'AI-Ready' data at The University of Queensland

19 March 2026

Queensland’s state-of-the-art imaging data platform (PITSCHI) introduced support for Persistent Identifier (PID) technology to improve the traceability and reusability of microscopy data. By tagging datasets, instruments and even institutions with unique IDs (like DOIs for data and ORCIDs for researchers), the system ensures that imaging results are more easily tracked, shared and cited - essentially making microscopy datasets “FAIR” and AI-ready from day one.

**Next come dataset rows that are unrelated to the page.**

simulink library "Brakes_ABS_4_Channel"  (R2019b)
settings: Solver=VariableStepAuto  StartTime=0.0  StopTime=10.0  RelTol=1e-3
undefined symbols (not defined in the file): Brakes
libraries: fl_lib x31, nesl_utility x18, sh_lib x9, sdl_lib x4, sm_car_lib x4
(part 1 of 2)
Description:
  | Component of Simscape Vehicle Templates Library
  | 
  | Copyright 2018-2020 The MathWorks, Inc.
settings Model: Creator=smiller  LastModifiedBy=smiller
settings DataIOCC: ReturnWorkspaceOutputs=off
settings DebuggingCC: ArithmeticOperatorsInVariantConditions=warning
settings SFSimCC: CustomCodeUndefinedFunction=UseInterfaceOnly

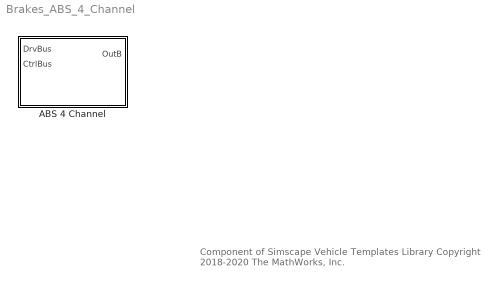
== system Brakes_ABS_4_Channel ==
  note: Component of Simscape Vehicle Templates Library
      | Copyright 2018-2020 The MathWorks, Inc.
  ABS 4 Channel : Subsystem  Tag=PublishSubsystem  VariantControl=ABS_4_Channel  mask(Four Channel ABS){d_caliper_bore_f=Brakes.Front.Caliper.lCylinderDiameter.Value, d_caliper_bore_r=Brakes.Rear.Caliper.lCylinderDiameter.Value, brk_pad_rad_fa=Brakes.Front.DiscAndPad.lMeanRadius.Value, brk_pad_rad_ra=Brakes.Rear.DiscAndPad.lMeanRadius.Value, brk_cyl_bore_fa=Brakes.Front.Caliper.lCylinderDiameter.Value, brk_cyl_bore_ra=Brakes.Rear.Caliper.lCylinderDiameter.Value, brk_n_pads_fa=Brakes.Front.DiscAndPad.NPads.Value, brk_n_pads_ra=Brakes.Rear.DiscAndPad.NPads.Value, brk_mu_static_fa=Brakes.Front.DiscAndPad.rMuStatic.Value, brk_mu_static_ra=Brakes.Rear.DiscAndPad.rMuStatic.Value, brk_mu_kin_fa=Brakes.Front.DiscAndPad.rMuKinetic.Value, brk_mu_kin_ra=Brakes.Rear.DiscAndPad.rMuKinetic.Value, brk_trans_vel_fa=Brakes.Front.DiscAndPad.nTransition.Value, brk_trans_vel_ra=Brakes.Rear.DiscAndPad.nTransition.Value, brk_visc_coef_fa=Brakes.Front.DiscAndPad.dViscous.Value, brk_visc_coef_ra=Brakes.Rear.DiscAndPad.dViscous.Value, spr_rate=Brakes.Front.ValveApply.kSpring.Value, D=Brakes.Front.ValveApply.bDamper.Value, area_max_apply=Brakes.Front.ValveApply.AMax.Value, open_max_apply=Brakes.Front.ValveApply.xMax.Value, area_max_rel=Brakes.Front.ValveRelease.AMax.Value, open_max_rel=Brakes.Front.ValveRelease.xMax.Value, p_max_f=Brakes.Front.Caliper.pMax.Value, p_max_r=Brakes.Rear.Caliper.pMax.Value, brkTs=Brakes.Front.ValveApply.fValveTime.Value}
      mask prompts: spr_rate "Spring Rate (N/m)"; D "Damping coefficient"; area_max_apply "Max Area Apply Valve (m^2)"; open_max_apply "Max Opening Apply Valve (m)"; area_max_rel "Max Area Release Valve (m^2)"; open_max_rel "Max Opening Release Valve (m)"; p_max_f "Max Master Cylinder Pressure Front (bar)"; p_max_r "Max Master Cylinder Pressure Rear (bar)"; brkTs "Filter time constant"
      mask init:
      | pist_area_pist_f = pi*d_caliper_bore_f^2/4;
      | pist_area_pist_r = pi*d_caliper_bore_r^2/4;
      mask TypeOptions brk_pad_rad_fa:
      | Disc
      | Brake
      | FL/r_mean | Disc
      | Brake
      | FR/r_mean
      mask TypeOptions brk_pad_rad_ra:
      | Disc
      | Brake
      | RL/r_mean | Disc
      | Brake
      | RR/r_mean
      mask TypeOptions brk_cyl_bore_fa:
      | Disc
      | Brake
      | FL/bore | Disc
      | Brake
      | FR/bore
      mask TypeOptions brk_cyl_bore_ra:
      | Disc
      | Brake
      | RL/bore | Disc
      | Brake
      | RR/bore
      mask TypeOptions brk_n_pads_fa:
      | Disc
      | Brake
      | FL/n_pads | Disc
      | Brake
      | FR/n_pads
      mask TypeOptions brk_n_pads_ra:
      | Disc
      | Brake
      | RL/n_pads | Disc
      | Brake
      | RR/n_pads
      mask TypeOptions brk_mu_static_fa:
      | Disc
      | Brake
      | FL/mu_static | Disc
      | Brake
      | FR/mu_static
      mask TypeOptions brk_mu_static_ra:
      | Disc
      | Brake
      | RL/mu_static | Disc
      | Brake
      | RR/mu_static
      mask TypeOptions brk_mu_kin_fa:
      | Disc
      | Brake
      | FL/mu_coulomb | Disc
      | Brake
      | FR/mu_coulomb
      mask TypeOptions brk_mu_kin_ra:
      | Disc
      | Brake
      | RL/mu_coulomb | Disc
      | Brake
      | RR/mu_coulomb
      mask TypeOptions brk_trans_vel_fa:
      | Disc
      | Brake
      | FL/brkwy_vel | Disc
      | Brake
      | FR/brkwy_vel
      mask TypeOptions brk_trans_vel_ra:
      | Disc
      | Brake
      | RL/brkwy_vel | Disc
      | Brake
      | RR/brkwy_vel
      mask TypeOptions brk_visc_coef_fa:
      | Disc
      | Brake
      | FL/visc_coef
      mask TypeOptions brk_visc_coef_ra:
      | Disc
      | Brake
      | RL/visc_coef | Disc
      | Brake
      | RR/visc_coef
      mask TypeOptions spr_rate: Valves/spr_rate
      mask TypeOptions D: Valves/D
      mask TypeOptions area_max_apply: Valves/area_max_apply
      mask TypeOptions open_max_apply: Valves/open_max_apply
      mask TypeOptions area_max_rel: Valves/area_max_rel
      mask TypeOptions open_max_rel: Valves/open_max_rel
      mask TypeOptions p_max_f: Valves/p_max_f
      mask TypeOptions p_max_r: Valves/p_max_r
      mask TypeOptions brkTs: Valves/brkTs
      mask DialogControl Container10 Prompt: Geometry
      mask DialogControl cont_brk_geom Prompt: Geometry
      mask DialogControl text_brakes_fa Prompt: Front Susp.
      mask DialogControl text_brakes_ra Prompt: Rear Susp.
      mask DialogControl text_caliper_bore Prompt: Caliper Bore (m)
      mask DialogControl text_brakes_pad_rad Prompt: Mean Pad Radius (m)
      mask DialogControl text_brakes_cyl_bore Prompt: Cylinder Bore (m)
      mask DialogControl text_brakes_n_pads Prompt: Number of pads
      mask DialogControl Container9 Prompt: Friction
      mask DialogControl cont_brk_frict Prompt: Friction
      mask DialogControl text_brakes_mu_static Prompt: Static Coeff. (0-1)
      mask DialogControl text_brakes_mu_kin Prompt: Kinetic Coeff. (0-1)
      mask DialogControl text_brakes_trans_vel Prompt: Trans. Velocity (rad/s)
      mask DialogControl text_brakes_visc_coef Prompt: Viscous (N*m/(rad/s))
      mask DialogControl cont_valves Prompt: Valves
      mask Display: image('sm_car_vehicle_brakes_abs_IMAGE.png');

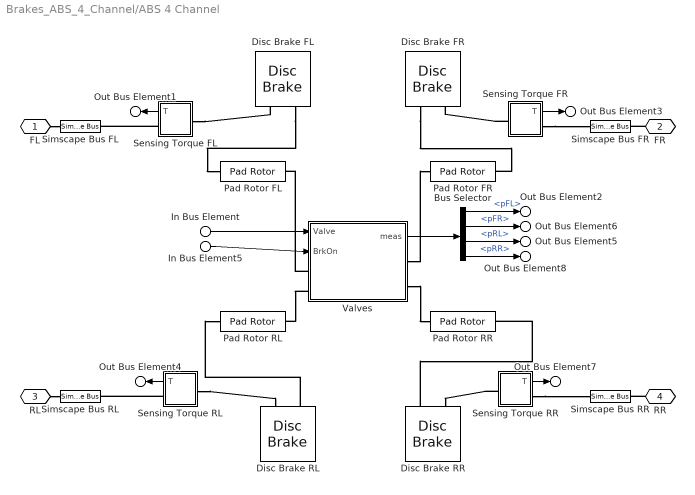
== system Brakes_ABS_4_Channel/ABS 4 Channel ==
  In Bus Element5 : Inport  PortName=DrvBus  Element=rBrakePedal
  In Bus Element : Inport  Port=2  PortName=CtrlBus  Element=Valves
  Bus Selector : BusSelector  OutputSignals=pFL,pFR,pRL,pRR
  Disc Brake FL : sdl_lib/Brakes & Detents/Rotational/Disc Brake  r_mean=brk_pad_rad_fa m  bore=brk_cyl_bore_fa m  n_pads=brk_n_pads_fa  thermal_port=simscape.enum.thermaleffects.omit  mu_static=brk_mu_static_fa  mu_coulomb=brk_mu_kin_fa  temperature_TLU=[280, 300, 320] K  mu_static_TLU=[.9, .8, .7]  mu_coulomb_TLU=[.8, .7, .6]  thermal_mass=50 kJ/K  brkwy_vel=brk_trans_vel_fa rad/s  visc_coef=brk_visc_coef_fa N*m/(rad/s)  temperature_specify=off  temperature_priority=High  temperature=300 K  temperature_nominal_specify=off  temperature_nominal_unit=K  temperature_nominal_value=1
      settings: SourceProductName=Simscape Driveline  SourceProductBaseCode=LD
  Disc Brake FR : sdl_lib/Brakes & Detents/Rotational/Disc Brake  r_mean=brk_pad_rad_fa m  bore=brk_cyl_bore_fa m  n_pads=brk_n_pads_fa  thermal_port=simscape.enum.thermaleffects.omit  mu_static=brk_mu_static_fa  mu_coulomb=brk_mu_kin_fa  temperature_TLU=[280, 300, 320] K  mu_static_TLU=[.9, .8, .7]  mu_coulomb_TLU=[.8, .7, .6]  thermal_mass=50 kJ/K  brkwy_vel=brk_trans_vel_fa rad/s  visc_coef=.001 N*m/(rad/s)  temperature_specify=off  temperature_priority=High  temperature=300 K  temperature_nominal_specify=off  temperature_nominal_unit=K  temperature_nominal_value=1
      settings: SourceProductName=Simscape Driveline  SourceProductBaseCode=LD
  Disc Brake RL : sdl_lib/Brakes & Detents/Rotational/Disc Brake  r_mean=brk_pad_rad_ra m  bore=brk_cyl_bore_ra m  n_pads=brk_n_pads_ra  thermal_port=simscape.enum.thermaleffects.omit  mu_static=brk_mu_static_ra  mu_coulomb=brk_mu_kin_ra  temperature_TLU=[280, 300, 320] K  mu_static_TLU=[.9, .8, .7]  mu_coulomb_TLU=[.8, .7, .6]  thermal_mass=50 kJ/K  brkwy_vel=brk_trans_vel_ra rad/s  visc_coef=brk_visc_coef_ra N*m/(rad/s)  temperature_specify=off  temperature_priority=High  temperature=300 K  temperature_nominal_specify=off  temperature_nominal_unit=K  temperature_nominal_value=1
      settings: SourceProductName=Simscape Driveline  SourceProductBaseCode=LD
  Disc Brake RR : sdl_lib/Brakes & Detents/Rotational/Disc Brake  r_mean=brk_pad_rad_ra m  bore=brk_cyl_bore_ra m  n_pads=brk_n_pads_ra  thermal_port=simscape.enum.thermaleffects.omit  mu_static=brk_mu_static_ra  mu_coulomb=brk_mu_kin_ra  temperature_TLU=[280, 300, 320] K  mu_static_TLU=[.9, .8, .7]  mu_coulomb_TLU=[.8, .7, .6]  thermal_mass=50 kJ/K  brkwy_vel=brk_trans_vel_ra rad/s  visc_coef=brk_visc_coef_ra N*m/(rad/s)  temperature_specify=off  temperature_priority=High  temperature=300 K  temperature_nominal_specify=off  temperature_nominal_unit=K  temperature_nominal_value=1
      settings: SourceProductName=Simscape Driveline  SourceProductBaseCode=LD
  Pad Rotor FL : sm_car_lib/Brakes/Pad Rotor  d_caliper_piston_f=d_caliper_bore_f
  Pad Rotor FR : sm_car_lib/Brakes/Pad Rotor  d_caliper_piston_f=d_caliper_bore_f
  Pad Rotor RL : sm_car_lib/Brakes/Pad Rotor  d_caliper_piston_f=d_caliper_bore_r
  Pad Rotor RR : sm_car_lib/Brakes/Pad Rotor  d_caliper_piston_f=d_caliper_bore_r
  Sensing Torque FL : Subsystem
  Sensing Torque FR : Subsystem
  Sensing Torque RL : Subsystem
  Sensing Torque RR : Subsystem
  Simscape Bus FL : SimscapeBus  HierarchyStrings=Axle1D
  Simscape Bus FR : SimscapeBus  HierarchyStrings=Axle1D
  Simscape Bus RL : SimscapeBus  HierarchyStrings=Axle1D
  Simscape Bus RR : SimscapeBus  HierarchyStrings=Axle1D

CMM Director Professor Roger Wepf said: “This is state-of-the-art because it makes imaging datasets AI-ready from day one - with persistent identifiers and automated metadata ensuring traceability, reproducibility, making datasets machine findable and seamlessly integrable into future processing and AI pipelines".

This fantastic achievement was driven by CMM's expert Dr Rubbiya Ali, who has a key role in designing and implementing PITSCHI.

Dr Ali said: "By embedding PIDs into each layer of the data lifecycle, PITSCHI transforms the role of an imaging data repository from simple storage into a dynamic infrastructure for greatly enhancing data discovery, reuse and research recognition. For example, researcher identifiers, such as ORCID, can be linked to individual data sessions, ensuring proper attribution even if a researcher changes institutions or email addresses. This enhances academic recognition, supports automated reporting, and helps track dataset authorship accurately over time.” 

PITSCHI, launched in 2021, was originally developed as part of ARDC’s Australian Characterisation Commons at Scale project

Since 2021, more than 600 researchers have used PITSCHI to manage 760 TB of data from 50 instruments across 9,300,000 files.